A year later Pennsylvania hired Massachusetts-based Cambridge Systematics to produce its own report gauging the benefits of mandatory safety inspections. In its “Vehicle Inspection Effectiveness Report” of 2009 Cambridge had this to say about the existing data:

“Given the variation in results and the wide range of fatality and accident reductions estimated by the studies supporting inspections, no definitive conclusion can be made from the previous literature regarding the effectiveness of state vehicle safety inspection programs in reducing fatal and injury accidents.”

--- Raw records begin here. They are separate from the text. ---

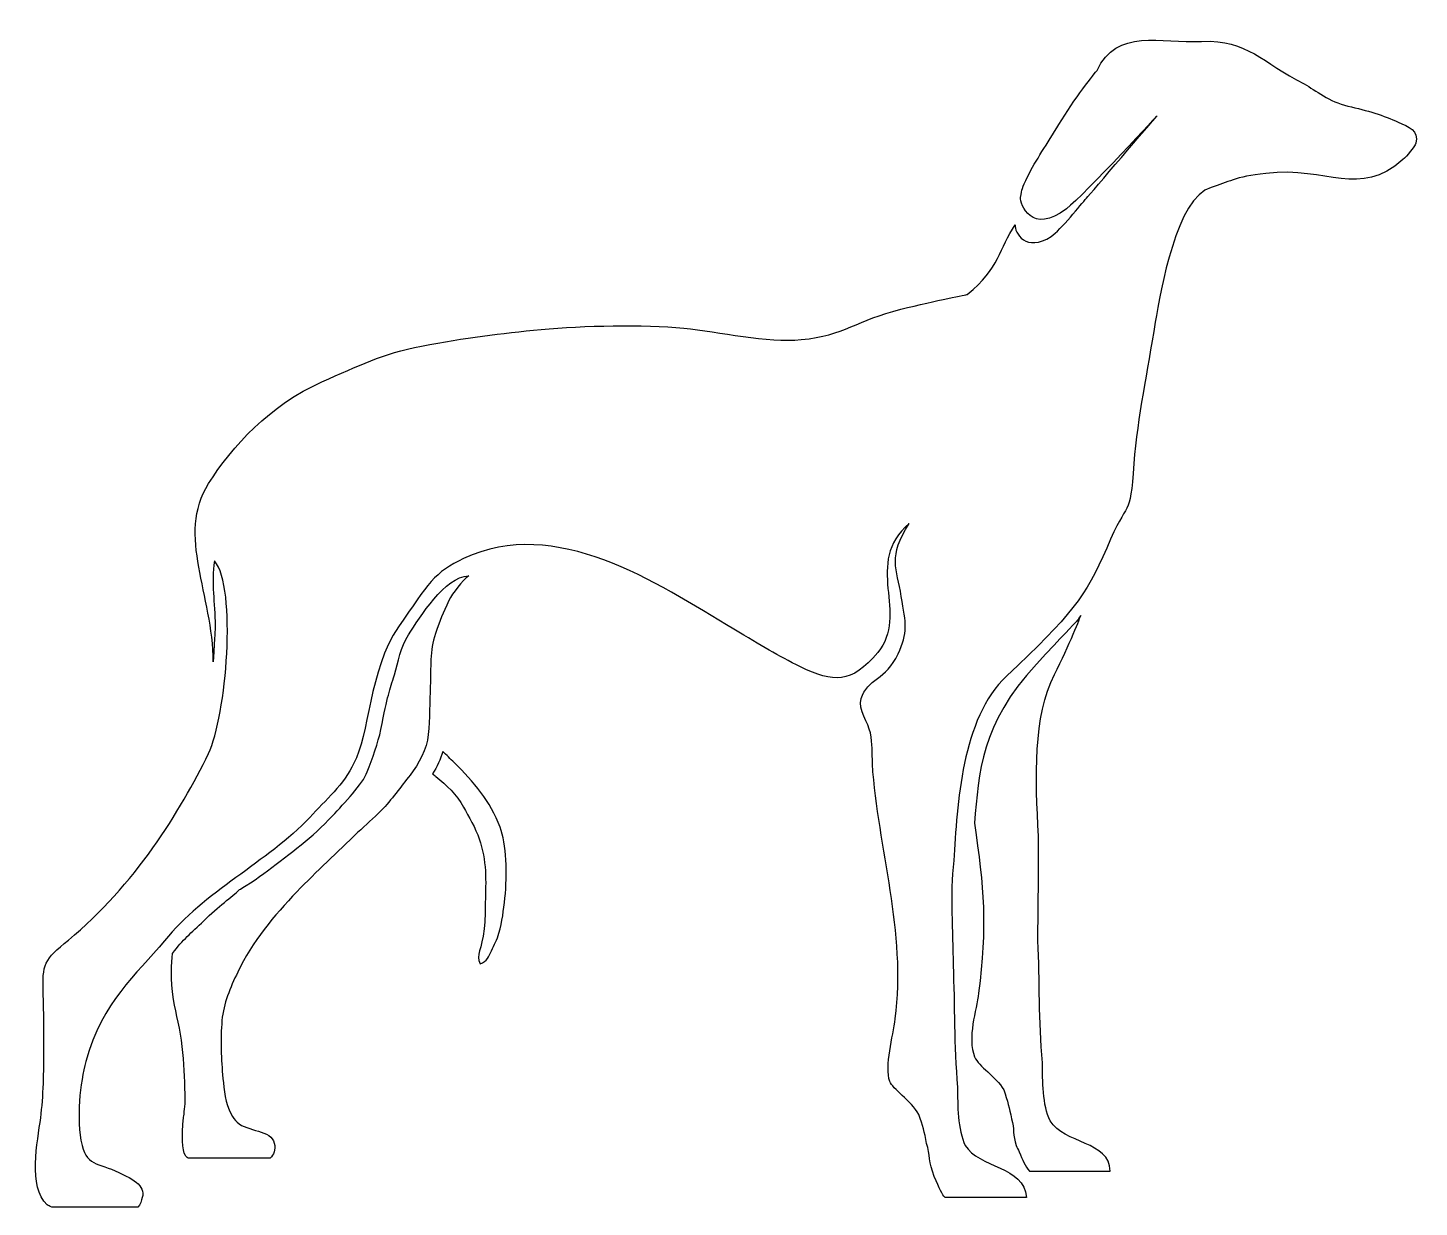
# Model space of a CAD drawing. Header units: centimetres. Extents: x -12.5 to 12.4, y -10.5 to 10.7.
import ezdxf

# ---------------------------------------------------------------- set-up
doc = ezdxf.new("R2010")
doc.units = ezdxf.units.CM
doc.header["$MEASUREMENT"] = 0
doc.layers.add('Layer 1', color=7, linetype='Continuous')

msp = doc.modelspace()

# ---------------------------------------------------------------- linework, layer by layer
at = {"layer": 'Layer 1'}
for points, knots in [([(-12.17544, -10.45723), (-12.15665, -10.47207), (-12.1294, -10.48684), (-12.09548, -10.5011), (-12.09548, -10.5011), (-12.09548, -10.5011), (-10.54685, -10.5011), (-10.54685, -10.5011), (-10.54685, -10.5011), (-10.54685, -10.5011), (-10.52219, -10.46631), (-10.52219, -10.46631), (-10.52219, -10.46631), (-10.38307, -10.19982), (-10.48486, -10.06586), (-10.82143, -9.91367), (-10.82143, -9.91367), (-11.20378, -9.70505), (-11.46013, -9.78286), (-11.55115, -9.39241), (-11.55115, -9.39241), (-11.66201, -8.91656), (-11.58369, -8.25669), (-11.4817, -7.88664), (-11.4817, -7.88664), (-11.18045, -6.79785), (-10.58974, -6.3461), (-10.06859, -5.7206), (-10.06859, -5.7206), (-9.37369, -4.85197), (-8.22672, -4.30757), (-7.46231, -3.50842), (-7.46231, -3.50842), (-7.18439, -3.19539), (-6.84837, -2.91747), (-6.67475, -2.53557), (-6.67475, -2.53557), (-6.39686, -2.04882), (-6.40826, -0.86729), (-5.87542, -0.09122), (-5.87542, -0.09122), (-5.3407, 0.68798), (-5.22679, 0.89332), (-4.70559, 1.13645), (-4.70559, 1.13645), (-3.05097, 1.90917), (-1.26918, 0.7196), (0.14176, -0.1317), (0.14176, -0.1317), (0.64566, -0.43602), (0.92366, -0.60089), (1.34045, -0.80948), (1.34045, -0.80948), (1.93134, -1.0874), (2.24522, -1.11859), (2.72303, -0.54953), (2.72303, -0.54953), (3.29524, 0.13198), (2.45271, 1.06697), (3.28641, 1.76216), (3.28641, 1.76216), (2.90446, 1.1714), (3.06019, 0.96238), (3.14586, 0.45668), (3.14586, 0.45668), (3.23116, -0.04661), (3.26884, -0.18417), (3.08805, -0.57541), (3.08805, -0.57541), (2.87525, -1.03586), (2.53089, -1.0266), (2.42667, -1.37395), (2.42667, -1.37395), (2.36566, -1.57667), (2.5569, -1.81723), (2.59161, -1.99101), (2.59161, -1.99101), (2.6264, -2.19963), (2.6264, -2.33817), (2.6264, -2.54679), (2.6264, -2.54679), (2.7308, -4.0759), (3.24436, -5.55772), (3.03568, -7.12154), (3.03568, -7.12154), (3.00118, -7.43457), (2.84216, -7.97061), (2.93919, -8.24581), (2.93919, -8.24581), (2.98367, -8.37252), (3.32141, -8.59297), (3.46034, -8.83639), (3.46034, -8.83639), (3.52979, -9.04501), (3.56451, -9.14902), (3.59946, -9.35765), (3.59946, -9.35765), (3.66891, -9.56601), (3.6283, -9.69095), (3.73821, -9.94841), (3.73821, -9.94841), (3.83359, -10.17201), (3.87444, -10.27604), (3.93069, -10.32737), (3.93069, -10.32737), (3.93069, -10.32737), (5.38903, -10.32738), (5.38903, -10.32738), (5.38903, -10.32738), (5.35844, -9.76604), (4.52712, -9.79184), (4.29418, -9.3924), (4.29418, -9.3924), (4.15527, -9.11451), (4.15527, -8.66289), (4.15527, -8.35005), (4.15527, -8.35005), (4.08576, -7.58562), (4.1091, -6.89045), (4.07439, -6.16081), (4.07439, -6.16081), (4.07439, -5.53512), (4.01634, -4.90997), (4.08577, -4.28428), (4.08577, -4.28428), (4.15528, -3.27646), (4.22105, -1.73735), (5.0356, -0.97156), (5.0356, -0.97156), (6.19395, 0.11715), (6.44879, 0.45314), (6.83088, 1.32195), (6.83088, 1.32195), (7.21328, 2.26008), (7.248, 1.79669), (7.31742, 2.83923), (7.31742, 2.83923), (7.38693, 3.70778), (7.56084, 4.47248), (7.69977, 5.37587), (7.69977, 5.37587), (7.80399, 5.96663), (8.08249, 7.608), (8.70426, 7.79453), (8.70426, 7.79453), (9.00853, 7.88576), (9.12587, 7.98559), (9.686, 8.04636), (9.686, 8.04636), (10.80249, 8.17661), (11.35277, 7.59099), (12.14348, 8.29488), (12.14348, 8.29488), (12.21153, 8.35542), (12.35533, 8.52404), (12.37369, 8.59034), (12.37369, 8.59034), (12.43581, 8.81537), (12.24457, 8.88067), (12.05643, 8.96809), (12.05643, 8.96809), (11.81315, 9.08101), (11.49631, 9.17894), (11.15738, 9.25471), (11.15738, 9.25471), (10.82369, 9.32932), (10.57871, 9.53694), (10.37538, 9.65005), (10.37538, 9.65005), (9.61084, 10.03221), (9.36763, 10.44925), (8.53391, 10.41448), (8.53391, 10.41448), (7.804, 10.37977), (7.00488, 10.65787), (6.65725, 9.8932), (6.65725, 9.8932), (6.62389, 9.86476), (6.23902, 9.36763), (5.97396, 8.92607), (5.97396, 8.92607), (5.76552, 8.5787), (5.55409, 8.2771), (5.41632, 7.99527), (5.41632, 7.99527), (5.30459, 7.76572), (5.30956, 7.76971), (5.28622, 7.61337), (5.28622, 7.61337), (5.2699, 7.50243), (5.48585, 6.92572), (6.11111, 7.41247), (6.11111, 7.41247), (6.42964, 7.65993), (7.86143, 9.21817), (7.72586, 9.06802), (7.72586, 9.06802), (7.64506, 8.97875), (6.54391, 7.68674), (6.46594, 7.59971), (6.46594, 7.59971), (6.37199, 7.49451), (6.0026, 7.02654), (5.83496, 6.91664), (5.83496, 6.91664), (5.38691, 6.6229), (5.16728, 6.97919), (5.19038, 7.12566), (5.19038, 7.12566), (4.88976, 6.69952), (4.91998, 6.34895), (4.32895, 5.8741), (4.32895, 5.8741), (4.32895, 5.8741), (3.79637, 5.76983), (3.13621, 5.60761), (3.13621, 5.60761), (2.35323, 5.4152), (2.12571, 5.13752), (1.35212, 5.06307), (1.35212, 5.06307), (0.7499, 5.00526), (-0.13034, 5.20227), (-0.75584, 5.27169), (-0.75584, 5.27169), (-1.48535, 5.3412), (-2.55112, 5.31511), (-3.31558, 5.24568), (-3.31558, 5.24568), (-4.04549, 5.17617), (-4.67117, 5.09796), (-5.45855, 4.94723), (-5.45855, 4.94723), (-6.17541, 4.81047), (-6.57345, 4.59959), (-7.2483, 4.30453), (-7.2483, 4.30453), (-8.17458, 3.89911), (-8.86382, 3.14026), (-9.28115, 2.47999), (-9.28115, 2.47999), (-9.86355, 1.55826), (-9.19601, 0.47982), (-9.19601, -0.71909), (-9.19601, -0.71909), (-9.1654, -0.17389), (-9.16463, -0.18037), (-9.16365, -0.06753), (-9.16365, -0.06753), (-9.1609, 0.34657), (-9.24197, 0.69098), (-9.17273, 1.09386), (-9.17273, 1.09386), (-8.76731, 0.61287), (-8.96077, -1.69548), (-9.28388, -2.36438), (-9.28388, -2.36438), (-9.77926, -3.38966), (-10.61291, -4.73633), (-11.79446, -5.70918), (-11.79446, -5.70918), (-12.23105, -6.06843), (-12.26624, -6.12526), (-12.24624, -6.6821), (-12.24624, -6.6821), (-12.23484, -7.00653), (-12.23616, -7.33028), (-12.23616, -7.67744), (-12.23616, -7.67744), (-12.23616, -8.05979), (-12.24034, -8.50659), (-12.29246, -8.90037), (-12.29246, -8.90037), (-12.3471, -9.31362), (-12.52318, -10.14481), (-12.17544, -10.45723)], [0, 0, 0, 0, 0.01428571, 0.01428571, 0.01428571, 0.01428571, 0.02857143, 0.02857143, 0.02857143, 0.02857143, 0.04285714, 0.04285714, 0.04285714, 0.04285714, 0.05714286, 0.05714286, 0.05714286, 0.05714286, 0.07142857, 0.07142857, 0.07142857, 0.07142857, 0.08571429, 0.08571429, 0.08571429, 0.08571429, 0.1, 0.1, 0.1, 0.1, 0.11428571, 0.11428571, 0.11428571, 0.11428571, 0.12857143, 0.12857143, 0.12857143, 0.12857143, 0.14285714, 0.14285714, 0.14285714, 0.14285714, 0.15714286, 0.15714286, 0.15714286, 0.15714286, 0.17142857, 0.17142857, 0.17142857, 0.17142857, 0.18571429, 0.18571429, 0.18571429, 0.18571429, 0.2, 0.2, 0.2, 0.2, 0.21428571, 0.21428571, 0.21428571, 0.21428571, 0.22857143, 0.22857143, 0.22857143, 0.22857143, 0.24285714, 0.24285714, 0.24285714, 0.24285714, 0.25714286, 0.25714286, 0.25714286, 0.25714286, 0.27142857, 0.27142857, 0.27142857, 0.27142857, 0.28571429, 0.28571429, 0.28571429, 0.28571429, 0.3, 0.3, 0.3, 0.3, 0.31428571, 0.31428571, 0.31428571, 0.31428571, 0.32857143, 0.32857143, 0.32857143, 0.32857143, 0.34285714, 0.34285714, 0.34285714, 0.34285714, 0.35714286, 0.35714286, 0.35714286, 0.35714286, 0.37142857, 0.37142857, 0.37142857, 0.37142857, 0.38571429, 0.38571429, 0.38571429, 0.38571429, 0.4, 0.4, 0.4, 0.4, 0.41428571, 0.41428571, 0.41428571, 0.41428571, 0.42857143, 0.42857143, 0.42857143, 0.42857143, 0.44285714, 0.44285714, 0.44285714, 0.44285714, 0.45714286, 0.45714286, 0.45714286, 0.45714286, 0.47142857, 0.47142857, 0.47142857, 0.47142857, 0.48571429, 0.48571429, 0.48571429, 0.48571429, 0.5, 0.5, 0.5, 0.5, 0.51428571, 0.51428571, 0.51428571, 0.51428571, 0.52857143, 0.52857143, 0.52857143, 0.52857143, 0.54285714, 0.54285714, 0.54285714, 0.54285714, 0.55714286, 0.55714286, 0.55714286, 0.55714286, 0.57142857, 0.57142857, 0.57142857, 0.57142857, 0.58571429, 0.58571429, 0.58571429, 0.58571429, 0.6, 0.6, 0.6, 0.6, 0.61428571, 0.61428571, 0.61428571, 0.61428571, 0.62857143, 0.62857143, 0.62857143, 0.62857143, 0.64285714, 0.64285714, 0.64285714, 0.64285714, 0.65714286, 0.65714286, 0.65714286, 0.65714286, 0.67142857, 0.67142857, 0.67142857, 0.67142857, 0.68571429, 0.68571429, 0.68571429, 0.68571429, 0.7, 0.7, 0.7, 0.7, 0.71428571, 0.71428571, 0.71428571, 0.71428571, 0.72857143, 0.72857143, 0.72857143, 0.72857143, 0.74285714, 0.74285714, 0.74285714, 0.74285714, 0.75714286, 0.75714286, 0.75714286, 0.75714286, 0.77142857, 0.77142857, 0.77142857, 0.77142857, 0.78571429, 0.78571429, 0.78571429, 0.78571429, 0.8, 0.8, 0.8, 0.8, 0.81428571, 0.81428571, 0.81428571, 0.81428571, 0.82857143, 0.82857143, 0.82857143, 0.82857143, 0.84285714, 0.84285714, 0.84285714, 0.84285714, 0.85714286, 0.85714286, 0.85714286, 0.85714286, 0.87142857, 0.87142857, 0.87142857, 0.87142857, 0.88571429, 0.88571429, 0.88571429, 0.88571429, 0.9, 0.9, 0.9, 0.9, 0.91428571, 0.91428571, 0.91428571, 0.91428571, 0.92857143, 0.92857143, 0.92857143, 0.92857143, 0.94285714, 0.94285714, 0.94285714, 0.94285714, 0.95714286, 0.95714286, 0.95714286, 0.95714286, 0.97142857, 0.97142857, 0.97142857, 0.97142857, 1, 1, 1, 1]), ([(-9.92571, -5.94976), (-9.94309, -6.12936), (-9.97196, -6.40154), (-9.90838, -6.77246), (-9.90838, -6.77246), (-9.86099, -7.04861), (-9.78855, -7.30967), (-9.75206, -7.61839), (-9.75206, -7.61839), (-9.71708, -7.91229), (-9.71309, -8.18666), (-9.69967, -8.4699), (-9.69967, -8.4699), (-9.69456, -8.58391), (-9.70798, -8.71541), (-9.72163, -8.83182), (-9.72163, -8.83182), (-9.72597, -8.86894), (-9.73007, -8.90447), (-9.7338, -8.93742), (-9.7338, -8.93742), (-9.76052, -9.18203), (-9.75296, -9.49249), (-9.697, -9.57245), (-9.697, -9.57245), (-9.68433, -9.59055), (-9.66739, -9.60581), (-9.64914, -9.6196), (-9.64914, -9.6196), (-9.64914, -9.6196), (-8.17536, -9.61959), (-8.17536, -9.61959), (-8.17536, -9.61959), (-8.10887, -9.56178), (-8.07437, -9.47627), (-8.10136, -9.35154), (-8.10136, -9.35154), (-8.15428, -9.11035), (-8.5861, -9.14905), (-8.76597, -8.97768), (-8.76597, -8.97768), (-8.81034, -8.93545), (-8.84643, -8.88595), (-8.87588, -8.83182), (-8.87588, -8.83182), (-8.98171, -8.6396), (-9.0046, -8.38933), (-9.02317, -8.19137), (-9.02317, -8.19137), (-9.05574, -7.85127), (-9.07143, -7.48972), (-9.04071, -7.15275), (-9.04071, -7.15275), (-9.01195, -6.84052), (-8.89328, -6.56596), (-8.75747, -6.28293), (-8.75747, -6.28293), (-8.49754, -5.74151), (-8.10689, -5.26783), (-7.69702, -4.84169), (-7.69702, -4.84169), (-7.34626, -4.47791), (-6.96666, -4.1325), (-6.6063, -3.78137), (-6.6063, -3.78137), (-6.45663, -3.63609), (-6.32283, -3.52258), (-6.18474, -3.38444), (-6.18474, -3.38444), (-5.998, -3.19772), (-5.82843, -2.95412), (-5.66655, -2.74812), (-5.66655, -2.74812), (-5.50968, -2.54778), (-5.36657, -2.27994), (-5.33913, -2.0234), (-5.33913, -2.0234), (-5.30812, -1.73757), (-5.31839, -1.43282), (-5.3042, -1.15488), (-5.3042, -1.15488), (-5.28745, -0.82375), (-5.3182, -0.517), (-5.21162, -0.21048), (-5.21162, -0.21048), (-5.12108, 0.05027), (-5.08621, 0.13734), (-4.96847, 0.386), (-4.96847, 0.386), (-4.90746, 0.51393), (-4.72603, 0.74033), (-4.61438, 0.82698), (-4.61438, 0.82698), (-5.04782, 0.81351), (-5.48616, 0.08125), (-5.69457, -0.23138), (-5.69457, -0.23138), (-5.84374, -0.45516), (-5.87285, -0.71671), (-5.94659, -0.95258), (-5.94659, -0.95258), (-6.03348, -1.23031), (-6.06793, -1.30863), (-6.19099, -1.93276), (-6.19099, -1.93276), (-6.23793, -2.17041), (-6.34313, -2.45579), (-6.43295, -2.68992), (-6.43295, -2.68992), (-6.51997, -2.91587), (-6.84387, -3.24708), (-7.05843, -3.48055), (-7.05843, -3.48055), (-7.42064, -3.87473), (-7.81199, -4.14711), (-8.22355, -4.46824), (-8.22355, -4.46824), (-8.37418, -4.58593), (-8.72327, -4.80318), (-8.72327, -4.80318), (-8.72327, -4.80318), (-8.86109, -4.93113), (-9.1043, -5.10499), (-9.36496, -5.36158), (-9.36496, -5.36158), (-9.5971, -5.58956), (-9.74376, -5.69558), (-9.92571, -5.94976), (-9.92571, -5.94976), (-9.92571, -5.94976), (-9.92571, -5.94976), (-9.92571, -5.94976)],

The company went on to find the program effective, but their results hardly qualify as the “definitive conclusion” they present them to be.  Without inspections, the report said, the number of fatal crashes could be expected to increase by between 127 and 169 each year. Even without factoring in a standard margin of error, that’s not exactly an overwhelming mandate for a program that inspects 11 million cars a year. What’s more, half of all vehicle failures documented in the Cambridge Systematics report were tire-related; and the researchers made no distinction between states that have annual inspections and those that require them biennially, which confirms, at the very least, that we could be bringing our cars in every two years instead of every one.

To their credit, even in supporting inspections the report recommends trimming them down to focus on “a few key elements” to ensure road safety—namely tires, brakes, and “to some extent” exterior lights. (The Pennsylvania Department of Transportation currently lists no fewer than 19 different criteria that are considered during annual inspections).

Senator Wozniak and his colleagues on the Transportation Committee may be right to assert that car technology has advanced to a level that no longer requires federal oversight, but their outcry will ring hollow if they don’t reconsider our state’s own costly but expendable policies.